States that don’t seek waivers would be tied to the community rating regulations, which prevent health insurers from discriminating on health, age or gender in a geographic area.
New research from Avalere Health, a Washington, D.C.-based medical consulting firm, showed that funding for high-risk pools would cover only about 110,000 people with pre-existing conditions. The firm estimated that about 46,000 Coloradans have pre-existing conditions.
Payne said in an email that because the amendment would only relate to those who had a 63-day lapse in coverage, the smaller number of people in the high-risk pool would be more manageable.
Kaiser Health News reports that high-risk pools in the past have not worked well, and the cost of insurance remained out of reach for many.
“Before the Affordable Care Act, 35 states had high-risk pools,” a Kaiser report says. “The federal government had one, too, as a transition to the health law.”
“Both premiums and other costs remained too high for many people with health conditions to afford,” the report says. “The federal program ran out of money almost a year before it was scheduled to end.
“Sometimes the pools got so expensive for states that they had to impose waiting lists for coverage.”
The waiver was a last-minute amendment added to allow insurance companies to charge patients more if their coverage lapses for more than 63 days.
“The risk-sharing model would be meant for individuals who have not maintained continuous coverage,” Payne said.
The amendment was one of two that helped pass the bill with support from the conservative Freedom House Caucus.
Colorado had its own high risk pool, called CoverColorado, from 1991 to 2014 – before Obamacare. But it wasn’t sustainable, the state’s former insurance commissioner, Marcy Morrison, told The Denver Post.
The premiums were as much as 50 percent higher than the market average and covered only about half the CoverColorado’s expenses, Morrison told the Post.
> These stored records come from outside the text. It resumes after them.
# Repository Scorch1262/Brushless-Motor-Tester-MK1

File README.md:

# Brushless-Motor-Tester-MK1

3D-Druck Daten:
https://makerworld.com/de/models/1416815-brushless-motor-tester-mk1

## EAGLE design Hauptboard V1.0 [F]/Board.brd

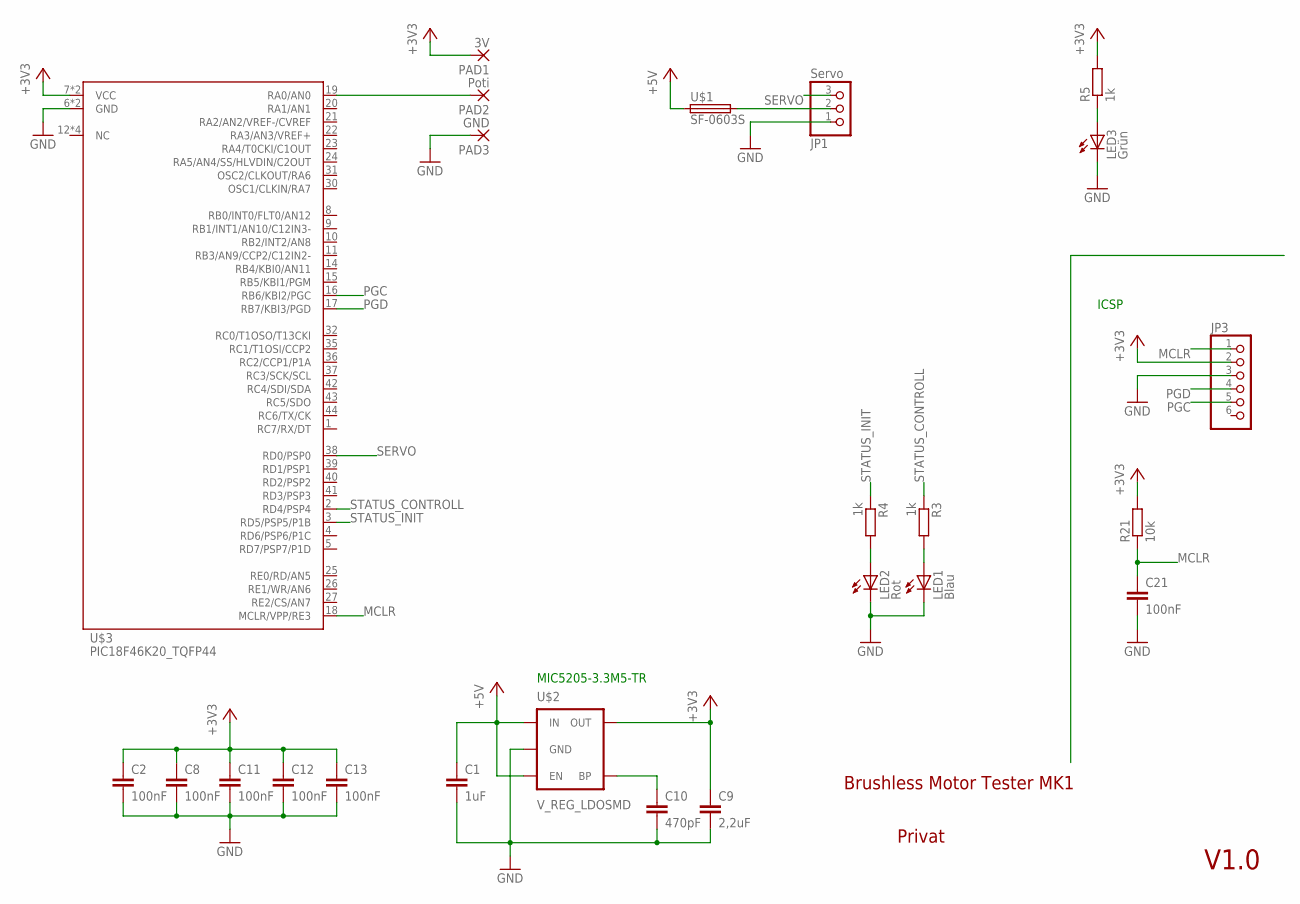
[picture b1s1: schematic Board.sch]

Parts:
C1: 1uF; C0805
C2, C8, C11, C12, C13, C21: 100nF; C0805
C9: 2,2uF; C0805
C10: 470pF; C0805
JP1: Servo; 1X03/90
JP3: PINHD-1X6; 1X06
LED1: Blau; CHIPLED_0805
LED2: Rot; CHIPLED_0805
LED3: Grün; CHIPLED_0805
PAD1: 3V; 5-1,8_50
PAD2: Poti; 5-1,8_50
PAD3: GND; 5-1,8_50
R3, R4, R5: 1k; R0805
R21: 10k; R0805
U$1: SF-0603S; R0603
U$2: V_REG_LDOSMD; SOT23-5
U$3: PIC18F46K20_TQFP44; TQFP44

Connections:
+3V3: C2.1, C8.1, C9.1, C11.1, C12.1, C13.1, JP3.2, PAD1.1, R5.2, R21.2, U$2.5 (OUT), U$3.7 (VCC), U$3.28 (VCC)
+5V: C1.1, U$1.1, U$2.1 (IN), U$2.3 (EN)
GND: C1.2, C2.2, C8.2, C9.2, C10.2, C11.2, C12.2, C13.2, C21.2, JP1.1, JP3.3, LED1.C, LED2.C, LED3.C, PAD3.1, U$2.2 (GND), U$3.6 (GND), U$3.29 (GND)
MCLR: C21.1, JP3.1, R21.1, U$3.18 (MCLR/VPP/RE3)
unnamed: PAD2.1, U$3.19 (RA0/AN0)
unnamed: JP1.2, U$1.2
unnamed: LED3.A, R5.1
unnamed: LED1.A, R3.2
unnamed: LED2.A, R4.2
unnamed: C10.1, U$2.4 (BP)
PGC: JP3.5, U$3.16 (RB6/KBI2/PGC)
PGD: JP3.4, U$3.17 (RB7/KBI3/PGD)
SERVO: JP1.3, U$3.38 (RD0/PSP0)
STATUS_CONTROLL: R3.1, U$3.2 (RD4/PSP4)
STATUS_INIT: R4.1, U$3.3 (RD5/PSP5/P1B)

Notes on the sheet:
Brushless Motor Tester MK1
Privat
V1.0
ICSP
MIC5205-3.3M5-TR

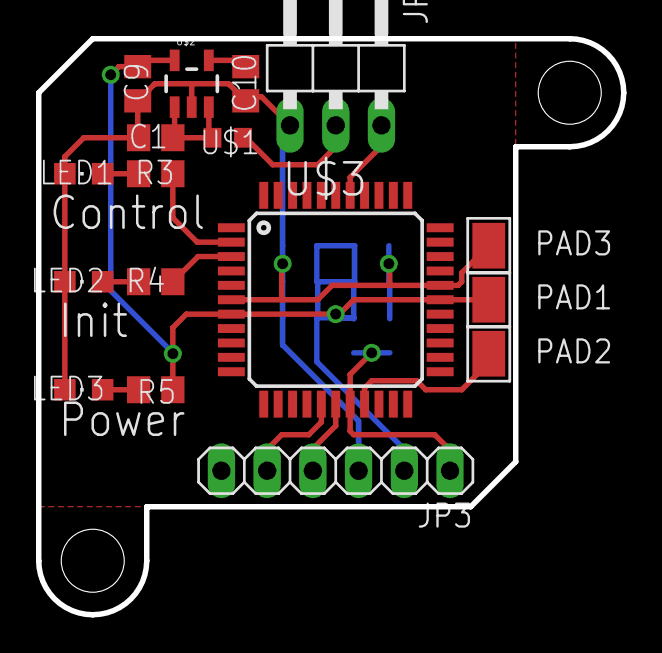
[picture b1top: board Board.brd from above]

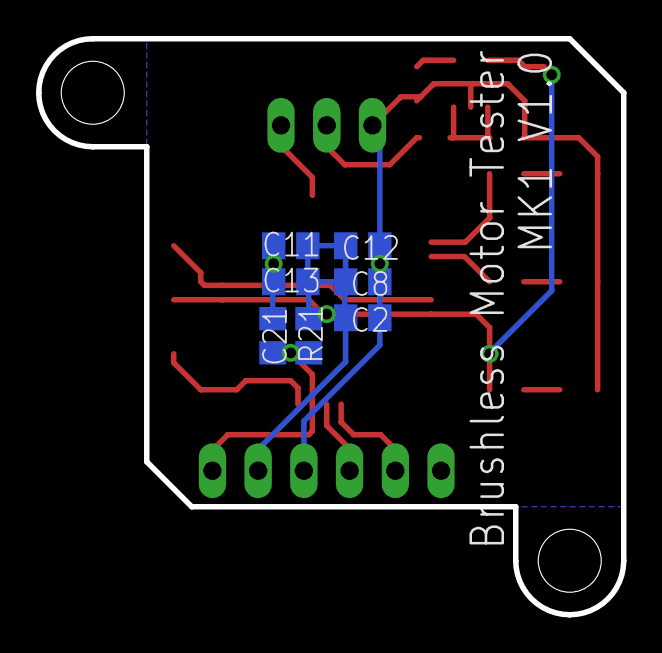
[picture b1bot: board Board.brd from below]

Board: 2 copper layers, 32.5 x 32.0 mm, 24 parts (7 on the bottom side), 15 nets.

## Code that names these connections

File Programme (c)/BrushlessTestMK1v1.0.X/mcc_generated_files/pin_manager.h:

/**
  @Generated Pin Manager Header File

  @Company:
    Microchip Technology Inc.

  @File Name:
    pin_manager.h

  @Summary:
    This is the Pin Manager file generated using PIC10 / PIC12 / PIC16 / PIC18 MCUs

  @Description
    This header file provides APIs for driver for .
    Generation Information :
        Product Revision  :  PIC10 / PIC12 / PIC16 / PIC18 MCUs - 1.81.7
        Device            :  PIC18F46K20
        Driver Version    :  2.11
    The generated drivers are tested against the following:
        Compiler          :  XC8 2.31 and above
        MPLAB 	          :  MPLAB X 5.45	
*/

/*
    (c) 2018 Microchip Technology Inc. and its subsidiaries. 
    
    Subject to your compliance with these terms, you may use Microchip software and any 
    derivatives exclusively with Microchip products. It is your responsibility to comply with third party 
    license terms applicable to your use of third party software (including open source software) that 
    may accompany Microchip software.
    
    THIS SOFTWARE IS SUPPLIED BY MICROCHIP "AS IS". NO WARRANTIES, WHETHER 
    EXPRESS, IMPLIED OR STATUTORY, APPLY TO THIS SOFTWARE, INCLUDING ANY 
    IMPLIED WARRANTIES OF NON-INFRINGEMENT, MERCHANTABILITY, AND FITNESS 
    FOR A PARTICULAR PURPOSE.
    
    IN NO EVENT WILL MICROCHIP BE LIABLE FOR ANY INDIRECT, SPECIAL, PUNITIVE, 
    INCIDENTAL OR CONSEQUENTIAL LOSS, DAMAGE, COST OR EXPENSE OF ANY KIND 
    WHATSOEVER RELATED TO THE SOFTWARE, HOWEVER CAUSED, EVEN IF MICROCHIP 
    HAS BEEN ADVISED OF THE POSSIBILITY OR THE DAMAGES ARE FORESEEABLE. TO 
    THE FULLEST EXTENT ALLOWED BY LAW, MICROCHIP'S TOTAL LIABILITY ON ALL 
    CLAIMS IN ANY WAY RELATED TO THIS SOFTWARE WILL NOT EXCEED THE AMOUNT 
    OF FEES, IF ANY, THAT YOU HAVE PAID DIRECTLY TO MICROCHIP FOR THIS 
    SOFTWARE.
*/

#ifndef PIN_MANAGER_H
#define PIN_MANAGER_H

/**
  Section: Included Files
*/

#include <xc.h>

#define INPUT   1
#define OUTPUT  0

#define HIGH    1
#define LOW     0

#define ANALOG      1
#define DIGITAL     0

#define PULL_UP_ENABLED      1
#define PULL_UP_DISABLED     0

// get/set ADC aliases
#define ADC_TRIS                 TRISAbits.TRISA0
#define ADC_LAT                  LATAbits.LATA0
#define ADC_PORT                 PORTAbits.RA0
#define ADC_ANS                  ANSELbits.ANS0
#define ADC_SetHigh()            do { LATAbits.LATA0 = 1; } while(0)
#define ADC_SetLow()             do { LATAbits.LATA0 = 0; } while(0)
#define ADC_Toggle()             do { LATAbits.LATA0 = ~LATAbits.LATA0; } while(0)
#define ADC_GetValue()           PORTAbits.RA0
#define ADC_SetDigitalInput()    do { TRISAbits.TRISA0 = 1; } while(0)
#define ADC_SetDigitalOutput()   do { TRISAbits.TRISA0 = 0; } while(0)
#define ADC_SetAnalogMode()      do { ANSELbits.ANS0 = 1; } while(0)
#define ADC_SetDigitalMode()     do { ANSELbits.ANS0 = 0; } while(0)

// get/set Servo aliases
#define Servo_TRIS                 TRISDbits.TRISD0
#define Servo_LAT                  LATDbits.LATD0
#define Servo_PORT                 PORTDbits.RD0
#define Servo_SetHigh()            do { LATDbits.LATD0 = 1; } while(0)
#define Servo_SetLow()             do { LATDbits.LATD0 = 0; } while(0)
#define Servo_Toggle()             do { LATDbits.LATD0 = ~LATDbits.LATD0; } while(0)
#define Servo_GetValue()           PORTDbits.RD0
#define Servo_SetDigitalInput()    do { TRISDbits.TRISD0 = 1; } while(0)
#define Servo_SetDigitalOutput()   do { TRISDbits.TRISD0 = 0; } while(0)

// get/set Status_Controll aliases
#define Status_Controll_TRIS                 TRISDbits.TRISD4
#define Status_Controll_LAT                  LATDbits.LATD4
#define Status_Controll_PORT                 PORTDbits.RD4
#define Status_Controll_SetHigh()            do { LATDbits.LATD4 = 1; } while(0)
#define Status_Controll_SetLow()             do { LATDbits.LATD4 = 0; } while(0)
#define Status_Controll_Toggle()             do { LATDbits.LATD4 = ~LATDbits.LATD4; } while(0)
#define Status_Controll_GetValue()           PORTDbits.RD4
#define Status_Controll_SetDigitalInput()    do { TRISDbits.TRISD4 = 1; } while(0)
#define Status_Controll_SetDigitalOutput()   do { TRISDbits.TRISD4 = 0; } while(0)

// get/set Status_Init aliases
#define Status_Init_TRIS                 TRISDbits.TRISD5
#define Status_Init_LAT                  LATDbits.LATD5
#define Status_Init_PORT                 PORTDbits.RD5
#define Status_Init_SetHigh()            do { LATDbits.LATD5 = 1; } while(0)
#define Status_Init_SetLow()             do { LATDbits.LATD5 = 0; } while(0)
#define Status_Init_Toggle()             do { LATDbits.LATD5 = ~LATDbits.LATD5; } while(0)
#define Status_Init_GetValue()           PORTDbits.RD5
#define Status_Init_SetDigitalInput()    do { TRISDbits.TRISD5 = 1; } while(0)
#define Status_Init_SetDigitalOutput()   do { TRISDbits.TRISD5 = 0; } while(0)

/**
   @Param
    none
   @Returns
    none
   @Description
    GPIO and peripheral I/O initialization
   @Example
    PIN_MANAGER_Initialize();
 */
void PIN_MANAGER_Initialize (void);

/**
 * @Param
    none
 * @Returns
    none
 * @Description
    Interrupt on Change Handling routine
 * @Example
    PIN_MANAGER_IOC();
 */
void PIN_MANAGER_IOC(void);



#endif // PIN_MANAGER_H
/**
 End of File
*/

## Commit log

2025-05-14 upload

The difference was made up with contributions from the state’s unclaimed property fund and charges to every other health insurance customer in the state, the Post reported.
And the plan had a $1 million lifetime benefit cap, and enrollees had to wait several months for benefits on pre-existing conditions.
The U.S. Health and Human Services Department projected that up to 17.9 million people living with pre-existing conditions were uninsured in 2010.
Michael Bennet, D-Colorado, said in a news release last week that the House bill is taking the country in the wrong direction.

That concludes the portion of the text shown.